*REQUIREMENT*: For every entry below, give it back exactly and leave out any image.

*RECORDS FOR THE TASK*:
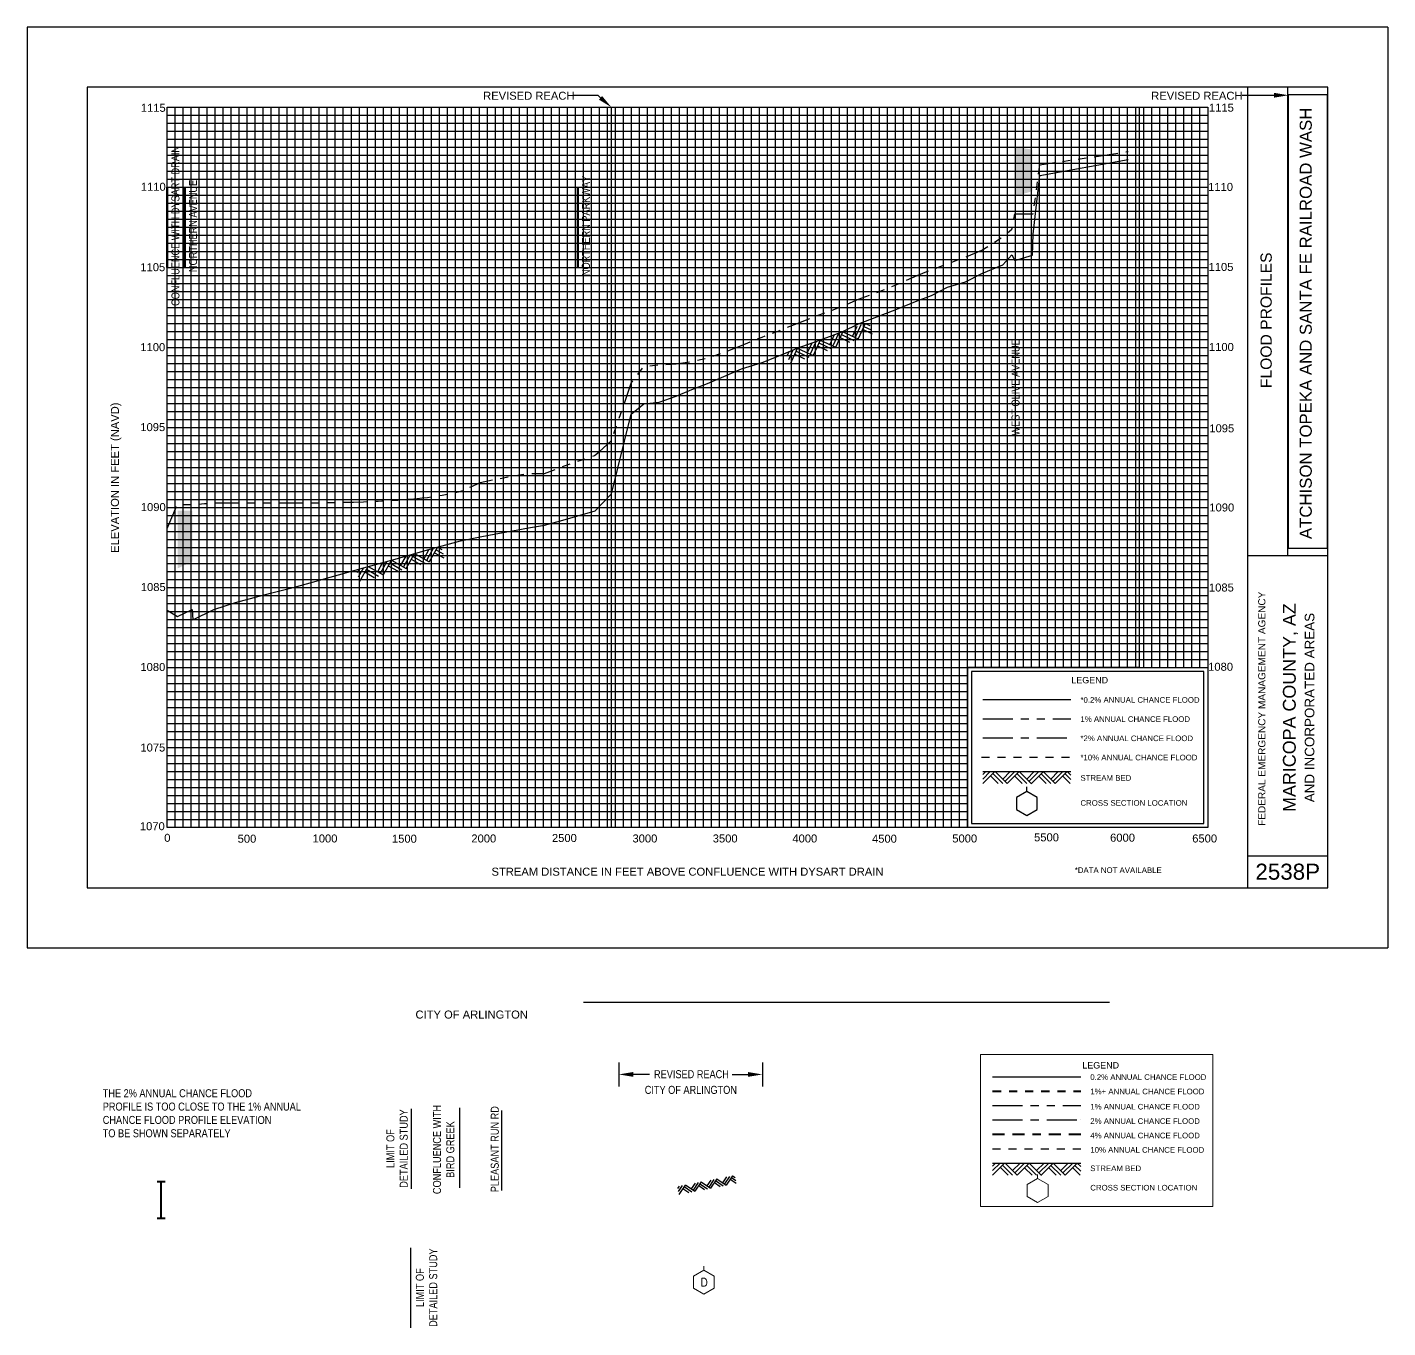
# Model space of a CAD drawing. Header units: feet. Extents: x -88.4 to -52.7, y -30 to -2.4.
# Drawn here: x -69.75 to -52.75, y -30.02 to -13.77 of the extents above; entities that cross this region are included whole.
import ezdxf
from ezdxf.enums import TextEntityAlignment as Align

# ---------------------------------------------------------------- set-up
doc = ezdxf.new("R2010")
doc.units = ezdxf.units.FT
doc.header["$LTSCALE"] = 0.3
doc.header["$MEASUREMENT"] = 0
for name, pattern in [('BORDERX2', [3.5, 1, -0.5, 1, -0.5, 0, -0.5]), ('CENTER', [2, 1.25, -0.25, 0.25, -0.25]), ('DIVIDE', [1.25, 0.5, -0.25, 0, -0.25, 0, -0.25]), ('DOT', [0.25, 0, -0.25]), ('HIDDEN', [0.375, 0.25, -0.125]), ('PHANTOM', [2.5, 1.25, -0.25, 0.25, -0.25, 0.25, -0.25])]:
    doc.linetypes.add(name, pattern=pattern)
doc.layers.get('0').update_dxf_attribs({"color": 3})
for name, color, linetype in [('1', 5, 'Continuous'), ('2', 50, 'Continuous'), ('3', 9, 'DOT'), ('7', 7, 'Continuous'), ('PDF_Geometry', 7, 'Continuous'), ('ROCK', 7, 'Continuous'), ('STREAM', 5, 'Continuous'), ('STRUCTURE', 30, 'Continuous'), ('WS10', 6, 'HIDDEN'), ('WS100', 5, 'PHANTOM'), ('WS50', 1, 'CENTER'), ('WS500', 3, 'Continuous')]:
    doc.layers.add(name, color=color, linetype=linetype)
for name, color, linetype, lineweight in [('BRIDGE', 7, 'Continuous', 40), ('CULVERT', 7, 'Continuous', 0), ('LEGEND_BOX', 7, 'Continuous', 20), ('LEGEND_XSEC', 7, 'Continuous', 20), ('TEXT', 7, 'Continuous', 25), ('WS1PLUS', 3, 'DIVIDE', 40), ('WS25', 4, 'BORDERX2', 40), ('XSECTEXTLINE', 7, 'Continuous', 25)]:
    doc.layers.add(name, color=color, linetype=linetype, lineweight=lineweight)
doc.styles.add('ARIAL', font='arial.ttf')
doc.styles.add('PROFILE LABEL', font='ARIALN.TTF')
doc.styles.get("Standard").update_dxf_attribs({"font": 'romans.shx'})

# ---------------------------------------------------------------- blocks, each defined once
blk = doc.blocks.new('rock')
at = {"layer": 'STREAM'}
for p, q in [((0.171, 0.001), (0.147, -0.023)), ((0.209, 0.001), (0.147, -0.061)), ((0.247, 0.001), (0.147, -0.099)), ((0.251, 0.001), (0.351, -0.099)), ((0.375, 0.001), (0.313, -0.061)), ((0.413, 0.001), (0.332, -0.08)), ((0.451, 0.001), (0.351, -0.099)), ((0.451, 0.001), (0.551, -0.099)), ((0.575, 0.001), (0.513, -0.061)), ((0.613, 0.001), (0.532, -0.08)), ((0.651, 0.001), (0.551, -0.099)), ((0.651, 0.001), (0.751, -0.099)), ((0.776, 0.001), (0.713, -0.061)), ((0.813, 0.001), (0.732, -0.08)), ((0.851, 0.001), (0.751, -0.099)), ((0.851, 0.001), (0.88, -0.028)), ((0.211, -0.034), (0.275, -0.099)), ((0.23, -0.016), (0.313, -0.099)), ((0.413, -0.036), (0.475, -0.099)), ((0.432, -0.018), (0.513, -0.099)), ((0.613, -0.036), (0.676, -0.099)), ((0.632, -0.018), (0.713, -0.099)), ((0.813, -0.036), (0.876, -0.099)), ((0.832, -0.018), (0.88, -0.066))]:
    blk.add_line(p, q, dxfattribs=at)
blk = doc.blocks.new('bar')
blk.add_line((-0.05, 0), (0.05, 0))

msp = doc.modelspace()

# ---------------------------------------------------------------- hatches: boundary and pattern name
at = {"true_color": 0x000000}
h = msp.add_hatch(color=18, dxfattribs=at)
h.dxf.hatch_style = 1
h.paths.add_polyline_path([(-67.688, -19.813), (-67.872, -19.813), (-67.872, -20.534), (-67.688, -20.447)])
at = {"layer": 'CULVERT', "true_color": 0x000000}
msp.add_hatch(color=18, dxfattribs=at).paths.add_polyline_path([(-57.411, -15.888), (-57.411, -15.266), (-57.191, -15.301), (-57.191, -15.82)], flags=0)

# ---------------------------------------------------------------- linework, layer by layer
for p, q in [((-55.05, -21.822), (-57.95, -21.822)), ((-57.95, -21.822), (-57.95, -23.722)), ((-55.05, -23.722), (-55.05, -21.822)), ((-57.95, -23.722), (-55.05, -23.722)), ((-57.95, -23.722), (-57.95, -23.722))]:
    msp.add_line(p, q)
at = {"color": 255}
for points in [[(-62.358, -26.705), (-62.358, -27.005)], [(-60.564, -26.705), (-60.564, -27.005)]]:
    msp.add_lwpolyline(points, dxfattribs=at)
at = {"layer": '1', "color": 8}
for p, q in [((-69.75, -13.772), (-69.75, -25.272)), ((-52.75, -13.772), (-69.75, -13.772)), ((-52.75, -13.772), (-52.75, -25.272)), ((-52.75, -13.772), (-52.75, -25.272)), ((-52.75, -13.772), (-52.75, -25.272)), ((-52.75, -13.772), (-52.75, -25.272)), ((-69.75, -25.272), (-52.75, -25.272))]:
    msp.add_line(p, q, dxfattribs=at)
at = {"layer": '1'}
msp.add_line((-69, -24.522), (-69, -24.522), dxfattribs=at)
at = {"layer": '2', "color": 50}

*PROBLEM SOLUTION*:
# Model space of a CAD drawing. Header units: feet. Extents: x -88.4 to -52.7, y -30 to -2.4.
# Drawn here: x -69.75 to -52.75, y -30.02 to -13.77 of the extents above; entities that cross this region are included whole.
import ezdxf
from ezdxf.enums import TextEntityAlignment as Align

# ---------------------------------------------------------------- set-up
doc = ezdxf.new("R2010")
doc.units = ezdxf.units.FT
doc.header["$LTSCALE"] = 0.3
doc.header["$MEASUREMENT"] = 0
for name, pattern in [('BORDERX2', [3.5, 1, -0.5, 1, -0.5, 0, -0.5]), ('CENTER', [2, 1.25, -0.25, 0.25, -0.25]), ('DIVIDE', [1.25, 0.5, -0.25, 0, -0.25, 0, -0.25]), ('DOT', [0.25, 0, -0.25]), ('HIDDEN', [0.375, 0.25, -0.125]), ('PHANTOM', [2.5, 1.25, -0.25, 0.25, -0.25, 0.25, -0.25])]:
    doc.linetypes.add(name, pattern=pattern)
doc.layers.get('0').update_dxf_attribs({"color": 3})
for name, color, linetype in [('1', 5, 'Continuous'), ('2', 50, 'Continuous'), ('3', 9, 'DOT'), ('7', 7, 'Continuous'), ('PDF_Geometry', 7, 'Continuous'), ('ROCK', 7, 'Continuous'), ('STREAM', 5, 'Continuous'), ('STRUCTURE', 30, 'Continuous'), ('WS10', 6, 'HIDDEN'), ('WS100', 5, 'PHANTOM'), ('WS50', 1, 'CENTER'), ('WS500', 3, 'Continuous')]:
    doc.layers.add(name, color=color, linetype=linetype)
for name, color, linetype, lineweight in [('BRIDGE', 7, 'Continuous', 40), ('CULVERT', 7, 'Continuous', 0), ('LEGEND_BOX', 7, 'Continuous', 20), ('LEGEND_XSEC', 7, 'Continuous', 20), ('TEXT', 7, 'Continuous', 25), ('WS1PLUS', 3, 'DIVIDE', 40), ('WS25', 4, 'BORDERX2', 40), ('XSECTEXTLINE', 7, 'Continuous', 25)]:
    doc.layers.add(name, color=color, linetype=linetype, lineweight=lineweight)
doc.styles.add('ARIAL', font='arial.ttf')
doc.styles.add('PROFILE LABEL', font='ARIALN.TTF')
doc.styles.get("Standard").update_dxf_attribs({"font": 'romans.shx'})

# ---------------------------------------------------------------- blocks, each defined once
blk = doc.blocks.new('rock')
at = {"layer": 'STREAM'}
for p, q in [((0.171, 0.001), (0.147, -0.023)), ((0.209, 0.001), (0.147, -0.061)), ((0.247, 0.001), (0.147, -0.099)), ((0.251, 0.001), (0.351, -0.099)), ((0.375, 0.001), (0.313, -0.061)), ((0.413, 0.001), (0.332, -0.08)), ((0.451, 0.001), (0.351, -0.099)), ((0.451, 0.001), (0.551, -0.099)), ((0.575, 0.001), (0.513, -0.061)), ((0.613, 0.001), (0.532, -0.08)), ((0.651, 0.001), (0.551, -0.099)), ((0.651, 0.001), (0.751, -0.099)), ((0.776, 0.001), (0.713, -0.061)), ((0.813, 0.001), (0.732, -0.08)), ((0.851, 0.001), (0.751, -0.099)), ((0.851, 0.001), (0.88, -0.028)), ((0.211, -0.034), (0.275, -0.099)), ((0.23, -0.016), (0.313, -0.099)), ((0.413, -0.036), (0.475, -0.099)), ((0.432, -0.018), (0.513, -0.099)), ((0.613, -0.036), (0.676, -0.099)), ((0.632, -0.018), (0.713, -0.099)), ((0.813, -0.036), (0.876, -0.099)), ((0.832, -0.018), (0.88, -0.066))]:
    blk.add_line(p, q, dxfattribs=at)
blk = doc.blocks.new('bar')
blk.add_line((-0.05, 0), (0.05, 0))

msp = doc.modelspace()

# ---------------------------------------------------------------- hatches: boundary and pattern name
at = {"true_color": 0x000000}
h = msp.add_hatch(color=18, dxfattribs=at)
h.dxf.hatch_style = 1
h.paths.add_polyline_path([(-67.688, -19.813), (-67.872, -19.813), (-67.872, -20.534), (-67.688, -20.447)])
at = {"layer": 'CULVERT', "true_color": 0x000000}
msp.add_hatch(color=18, dxfattribs=at).paths.add_polyline_path([(-57.411, -15.888), (-57.411, -15.266), (-57.191, -15.301), (-57.191, -15.82)], flags=0)

# ---------------------------------------------------------------- linework, layer by layer
for p, q in [((-55.05, -21.822), (-57.95, -21.822)), ((-57.95, -21.822), (-57.95, -23.722)), ((-55.05, -23.722), (-55.05, -21.822)), ((-57.95, -23.722), (-55.05, -23.722)), ((-57.95, -23.722), (-57.95, -23.722))]:
    msp.add_line(p, q)
at = {"color": 255}
for points in [[(-62.358, -26.705), (-62.358, -27.005)], [(-60.564, -26.705), (-60.564, -27.005)]]:
    msp.add_lwpolyline(points, dxfattribs=at)
at = {"layer": '1', "color": 8}
for p, q in [((-69.75, -13.772), (-69.75, -25.272)), ((-52.75, -13.772), (-69.75, -13.772)), ((-52.75, -13.772), (-52.75, -25.272)), ((-52.75, -13.772), (-52.75, -25.272)), ((-52.75, -13.772), (-52.75, -25.272)), ((-52.75, -13.772), (-52.75, -25.272)), ((-69.75, -25.272), (-52.75, -25.272))]:
    msp.add_line(p, q, dxfattribs=at)
at = {"layer": '1'}
msp.add_line((-69, -24.522), (-69, -24.522), dxfattribs=at)
at = {"layer": '2', "color": 50}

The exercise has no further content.